I received a call today from some folks with strong east Asian accents claiming the be the Windows official maintenance group who showed me the error rate on my computer and warned me that I was under attack by hackers. They alleged that I was astronomically endangered and assured me that they would fix the problem but that my Windows service contract had expired and that I must renew it at a price that started at $192 for a short term renewal( getting to this point took me abut 1 1/2 hours and several levels of supervisors). now I have recently fallen off of the turnip truck, but I didn't bite on this one. 
How can you tell if such warnings are legit?


----------



## hjones4841 (Jan 21, 2009)

Let your intelligence be your guide, just as you did on this one. Although, why on earth did you stay on the phone THAT long? I would have hung up within 30 seconds. If is doesn't "smell" right, it is rotten or on its way to being that.


----------



## Norcuron (Jul 11, 2013)

Totally bogus call. They do not have your best interests in mind. If you notice something wrong then you can research solutions and get the right help if need be. They are scammers.


----------



## mechman (Feb 8, 2007)

What I would be wondering is how in the world did they get my number and why are they calling me? I think I would be most worried about how they got my phone number.


----------



## ericzim (Jun 24, 2012)

OK Mechman, I got one of these calls a few weeks ago and I also spent a lot of time on the phone with them appx 2.5 hours. It is not legit as Microsoft is never going to call any users on the phone for any reason.
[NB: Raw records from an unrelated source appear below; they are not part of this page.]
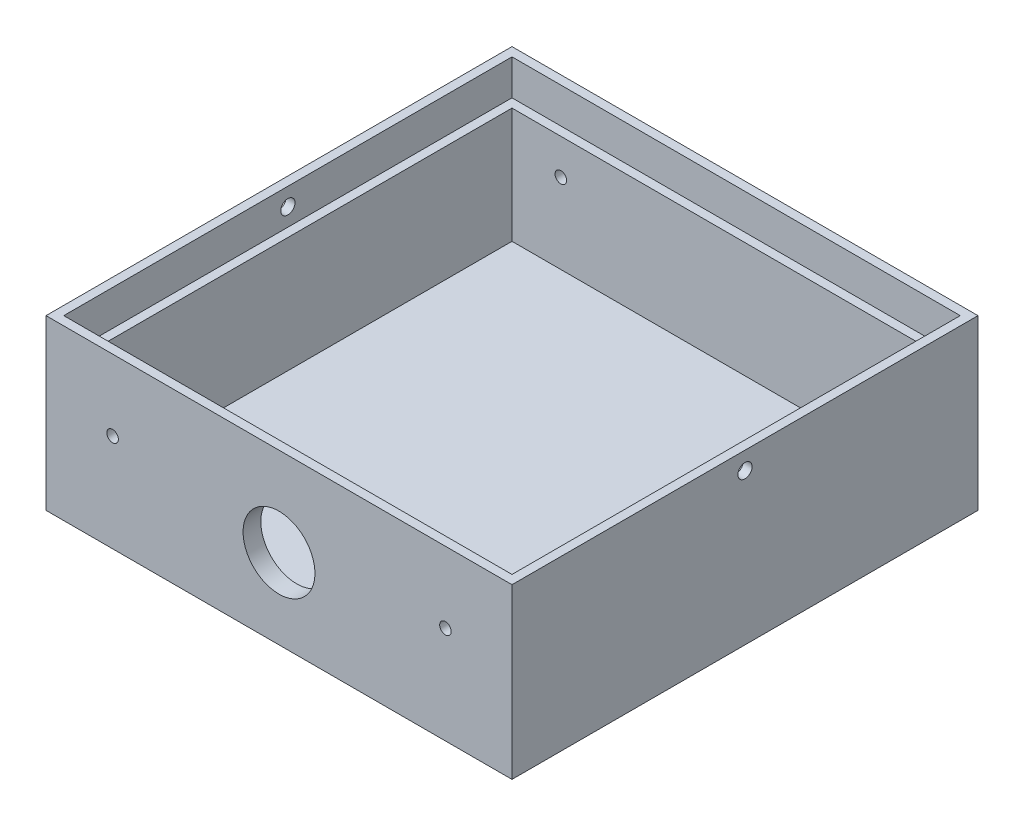
SolidWorks part; units mm, degrees
ref_plane "Front Plane" through (0, 0, 0) normal (0, 0, 1) x (1, 0, 0)
ref_plane "Top Plane" through (0, 0, 0) normal (0, 1, 0) x (1, 0, 0)
ref_plane "Right Plane" through (0, 0, 0) normal (1, 0, 0) x (0, 0, -1)
sketch "Sketch1" plane through (0, 0, 0) normal (0, 1, 0) x (1, 0, 0)
  line L1 (-52.5, 52.5) -> (52.5, 52.5)
  line L2 (-52.5, 52.5) -> (-52.5, -52.5)
  line L3 (-52.5, -52.5) -> (52.5, -52.5)
  line L4 (52.5, 52.5) -> (52.5, -52.5)
  line L5 (-52.5, 52.5) -> (52.5, -52.5) construction
  line L6 (-52.5, -52.5) -> (52.5, 52.5) construction
  point P0 (0, 0)
  dimension "D1" = 105
  dimension "D2" = 105
extrude "Boss-Extrude1" add sketch "Sketch1" along normal blind 38
sketch "Sketch2" plane through (0, 38, 0) normal (0, 1, 0) x (1, 0, 0)
  line L0 (-52.5, 52.5) -> (-52.5, -52.5) construction
  line L1 (-48.5, 48.5) -> (48.5, 48.5)
  line L2 (-48.5, 48.5) -> (-48.5, -48.5)
  line L3 (-48.5, -48.5) -> (48.5, -48.5)
  line L4 (48.5, 48.5) -> (48.5, -48.5)
  line L5 (-48.5, 48.5) -> (48.5, -48.5) construction
  line L6 (-48.5, -48.5) -> (48.5, 48.5) construction
  line L7 (52.5, 52.5) -> (-52.5, 52.5) construction
  point P0 (0, 0)
  dimension "D1" = 4
  dimension "D2" = 4
extrude "Cut-Extrude1" cut sketch "Sketch2" against normal blind 34
sketch "Sketch3" plane through (0, 38, 0) normal (0, 1, 0) x (1, 0, 0)
  line L0 (-52.5, 52.5) -> (-52.5, -52.5) construction
  line L1 (-50.5, 50.5) -> (50.5, 50.5)
  line L2 (-50.5, 50.5) -> (-50.5, -50.5)
  line L3 (-50.5, -50.5) -> (50.5, -50.5)
  line L4 (50.5, 50.5) -> (50.5, -50.5)
  line L5 (-50.5, 50.5) -> (50.5, -50.5) construction
  line L6 (-50.5, -50.5) -> (50.5, 50.5) construction
  line L7 (52.5, 52.5) -> (-52.5, 52.5) construction
  point P0 (0, 0)
  dimension "D1" = 2
  dimension "D2" = 2
extrude "Cut-Extrude2" cut sketch "Sketch3" against normal blind 8
sketch "Sketch5" plane through (52.5, 0, 0) normal (1, 0, 0) x (0, 0, -1)
  line L0 (-52.5, 38) -> (52.5, 38) construction
  circle A0 centre (0, 34) radius 1.6
  dimension "D1" = 3.2
  dimension "D2" = 4
extrude "Cut-Extrude3" cut sketch "Sketch5" against normal through all
sketch "Sketch6" plane through (0, 0, -52.5) normal (0, 0, -1) x (-1, 0, 0)
  line L0 (-52.5, 0) -> (52.5, 0) construction
  line L1 (-12, 0) -> (12, 0)
  line L2 (-12, 0) -> (-12, -5)
  line L4 (12, 0) -> (12, -5)
  line L5 (-52.5, 38) -> (-52.5, 0) construction
  line L8 (-12, -5) -> (-12, -17)
  line L10 (12, -5) -> (12, -17)
  arc A0 (-12, -17) -> (12, -17) centre (0, -17) ccw
  circle A1 centre (0, -17) radius 2.75
  dimension "D5" = 5.5
  dimension "D1" = 5
  dimension "D2" = 24
  dimension "D3" = 40.5
  dimension "D4" = 12
extrude "Boss-Extrude2" add sketch "Sketch6" against normal blind 3
fillet "Fillet1" radius 4 3 edges at (-12, 0, -51) (12, 0, -51) (0, 0, -49.5)
sketch "Sketch7" plane through (0, 0, 48.5) normal (0, 0, -1) x (-1, 0, 0)
  line L0 (-48.5, 30) -> (48.5, 30) construction
  circle A0 centre (0, 18) radius 8.1
  dimension "D1" = 16.2
  dimension "D2" = 12
extrude "Cut-Extrude4" cut sketch "Sketch7" against normal up to next
sketch "Sketch10" plane through (0, 0, 0) normal (0, -1, 0) x (1, 0, 0)
  line L1 (5, -10) -> (0, -10)
  line L2 (5, -10) -> (5, 10)
  line L3 (5, 10) -> (0, 10)
  line L5 (0, -7) -> (2, -7)
  line L7 (0, -3) -> (2, -3)
  line L8 (2, -7) -> (2, -3)
  line L9 (0, 3) -> (2, 3)
  line L11 (0, 7) -> (2, 7)
  line L12 (2, 3) -> (2, 7)
  arc A0 (0, 0) -> (0, -10) centre (0, -5) ccw
  arc A1 (0, 10) -> (0, 0) centre (0, 5) ccw
  arc A2 (0, -3) -> (0, -7) centre (0, -5) ccw
  arc A3 (0, 7) -> (0, 3) centre (0, 5) ccw
  dimension "D3" = 10
  dimension "D4" = 10
  dimension "D5" = 4
  dimension "D6" = 4
  dimension "D1" = 5
  dimension "D2" = 20
  dimension "D7" = 4
  dimension "D8" = 2
  dimension "D9" = 2
  dimension "D10" = 4
extrude "Cut-Extrude5" cut sketch "Sketch10" against normal blind 1
sketch "Sketch11" plane through (0, 0, 52.5) normal (0, 0, 1) x (1, 0, 0)
  line L0 (-52.5, 38) -> (-52.5, 0) construction
  line L1 (-52.5, 38) -> (52.5, 38) construction
  line L2 (0, 7.5861) -> (0, 33.6351) construction
  circle A0 centre (-37.5, 22) radius 1.3
  circle A1 centre (37.5, 22) radius 1.3
  dimension "D1" = 2.6
  dimension "D2" = 15
  dimension "D3" = 16
extrude "Cut-Extrude6" cut sketch "Sketch11" against normal through all

I am an IT pro and have been since the time of MS-DOS and Windows 3.11. The main reason I kept them on the phone for so long is I wanted my wife to start recording the conversation for the Fraud dept. after which I submitted the recording to the powers that be. This was after I told them I use Linux and hung up. They get your number from call lists they buy or from internet based phone listings. The numbers they call are random. The do not call list only stops solicitors (and not very well) from selling you stuff. Bottom line is it's a scam or fraud or con game just like white van speakers. I hope this clears up a few of your questions.
What Microsoft has to say about it. http://www.microsoft.com/security/online-privacy/avoid-phone-scams.aspx


----------